The benefit of GALAFOLD was assessed after 6 months of treatment, by determining the number of fat deposits (GL-3) in blood vessel cells of the kidneys (by kidney biopsy). The proportion of patients with a 50% or more reduction in the average number of fat deposits (GL 3) after receiving GALAFOLD was compared to the proportion of patients with a 50% or more reduction in the average number of fat deposits (GL 3) after receiving the placebo.
How were the trials designed?
The safety and efficacy of GALAFOLD were established primarily based on one randomized, double-blind, placebo-controlled trial of 6 months’ duration. Patients with Fabry disease who were naïve to GALAFOLD and enzyme replacement therapy or were not treated with enzyme replacement therapy for at least 6 months were evaluated. Patients received GALAFOLD or placebo capsule every other day for 6 months.

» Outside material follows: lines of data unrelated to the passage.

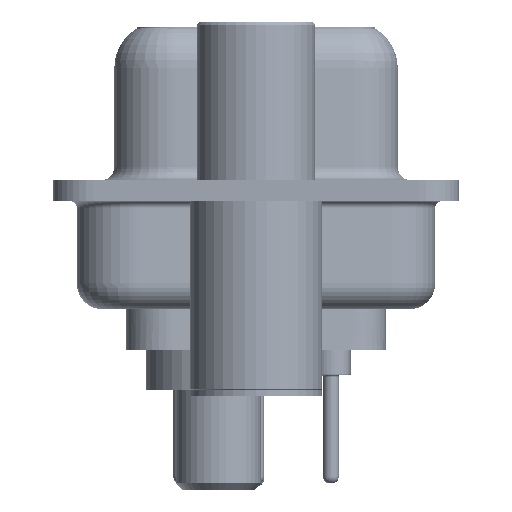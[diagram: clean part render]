
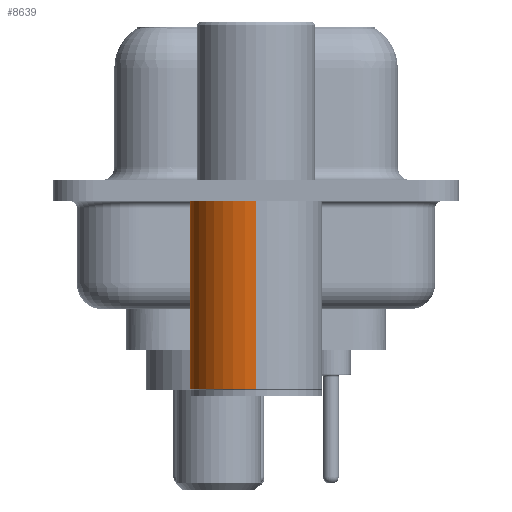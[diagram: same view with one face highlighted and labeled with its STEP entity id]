
A CAD part, left-side view. The second image highlights one B-rep face of the part: STEP entity #8639.
In plain terms, the highlighted cylindrical face has radius 2.5 mm (diameter 5 mm), a partial arc.
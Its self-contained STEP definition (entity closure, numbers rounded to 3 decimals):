
#1172 = CARTESIAN_POINT ( 'NONE',  ( 0., 0., -0.4 ) ) ;
#1761 = EDGE_LOOP ( 'NONE', ( #16407, #28682, #20394, #36311 ) ) ;
#3114 = VERTEX_POINT ( 'NONE', #11287 ) ;
#4707 = DIRECTION ( 'NONE',  ( 0., 0., 1. ) ) ;
#4906 = DIRECTION ( 'NONE',  ( 1., 0., 0. ) ) ;
#6960 = DIRECTION ( 'NONE',  ( 0., 0., 1. ) ) ;
#7425 = CARTESIAN_POINT ( 'NONE',  ( 0., 0., 0.581 ) ) ;
#7770 = CARTESIAN_POINT ( 'NONE',  ( -2.5, 0., -7.525 ) ) ;
#7976 = DIRECTION ( 'NONE',  ( 0., 0., 1. ) ) ;
#8639 = ADVANCED_FACE ( 'NONE', ( #27326 ), #29075, .T. ) ;
#9225 = EDGE_CURVE ( 'NONE', #16991, #3114, #25553, .T. ) ;
#11287 = CARTESIAN_POINT ( 'NONE',  ( 2.5, 0., -0.4 ) ) ;
#12298 = CIRCLE ( 'NONE', #35806, 2.5 ) ;
#13125 = DIRECTION ( 'NONE',  ( 0., 0., 1. ) ) ;
#13514 = AXIS2_PLACEMENT_3D ( 'NONE', #7425, #4707, #18303 ) ;
#16407 = ORIENTED_EDGE ( 'NONE', *, *, #31993, .T. ) ;
#16991 = VERTEX_POINT ( 'NONE', #23559 ) ;
#17719 = LINE ( 'NONE', #24498, #25181 ) ;
#18303 = DIRECTION ( 'NONE',  ( 1., 0., 0. ) ) ;
#19419 = VECTOR ( 'NONE', #7976, 1000. ) ;
#20394 = ORIENTED_EDGE ( 'NONE', *, *, #27743, .F. ) ;
#22246 = VERTEX_POINT ( 'NONE', #27519 ) ;
#22478 = AXIS2_PLACEMENT_3D ( 'NONE', #1172, #6960, #34673 ) ;
#23559 = CARTESIAN_POINT ( 'NONE',  ( 2.5, 0., -7.525 ) ) ;
#24498 = CARTESIAN_POINT ( 'NONE',  ( -2.5, 0., 0.581 ) ) ;
#25181 = VECTOR ( 'NONE', #33085, 1000. ) ;
#25553 = LINE ( 'NONE', #32991, #19419 ) ;
#27326 = FACE_OUTER_BOUND ( 'NONE', #1761, .T. ) ;
#27519 = CARTESIAN_POINT ( 'NONE',  ( -2.5, 0., -0.4 ) ) ;
#27743 = EDGE_CURVE ( 'NONE', #3114, #22246, #27850, .T. ) ;
#27850 = CIRCLE ( 'NONE', #22478, 2.5 ) ;
#28506 = VERTEX_POINT ( 'NONE', #7770 ) ;
#28682 = ORIENTED_EDGE ( 'NONE', *, *, #35927, .T. ) ;
#29075 = CYLINDRICAL_SURFACE ( 'NONE', #13514, 2.5 ) ;
#30274 = CARTESIAN_POINT ( 'NONE',  ( 0., 0., -7.525 ) ) ;
#31993 = EDGE_CURVE ( 'NONE', #16991, #28506, #12298, .T. ) ;
#32991 = CARTESIAN_POINT ( 'NONE',  ( 2.5, 0., 0.581 ) ) ;
#33085 = DIRECTION ( 'NONE',  ( 0., 0., 1. ) ) ;
#34673 = DIRECTION ( 'NONE',  ( 1., 0., 0. ) ) ;
#35806 = AXIS2_PLACEMENT_3D ( 'NONE', #30274, #13125, #4906 ) ;
#35927 = EDGE_CURVE ( 'NONE', #28506, #22246, #17719, .T. ) ;
#36311 = ORIENTED_EDGE ( 'NONE', *, *, #9225, .F. ) ;

The primary efficacy outcome measure was the average number of GL-3 inclusions per kidney interstitial capillary (KIC) as assessed by light microscopy of kidney biopsy samples before and after 6 months of treatment.
GLOSSARY
CLINICAL TRIAL: Voluntary research studies conducted in people and designed to answer specific questions about the safety or effectiveness of drugs, vaccines, other therapies, or new ways of using existing treatments.
COMPARATOR: A previously available treatment or placebo used in clinical trials that is compared to the actual drug being tested.
EFFICACY: How well the drug achieves the desired response when it is taken as described in a controlled clinical setting, such as during a clinical trial.
PLACEBO: An inactive substance or “sugar pill” that looks the same as, and is given the same way as, an active drug or treatment being tested. The effects of the active drug or treatment are compared to the effects of the placebo.
SUBGROUP: A subset of the population studied in a clinical trial. Demographic subsets include sex, race, and age groups.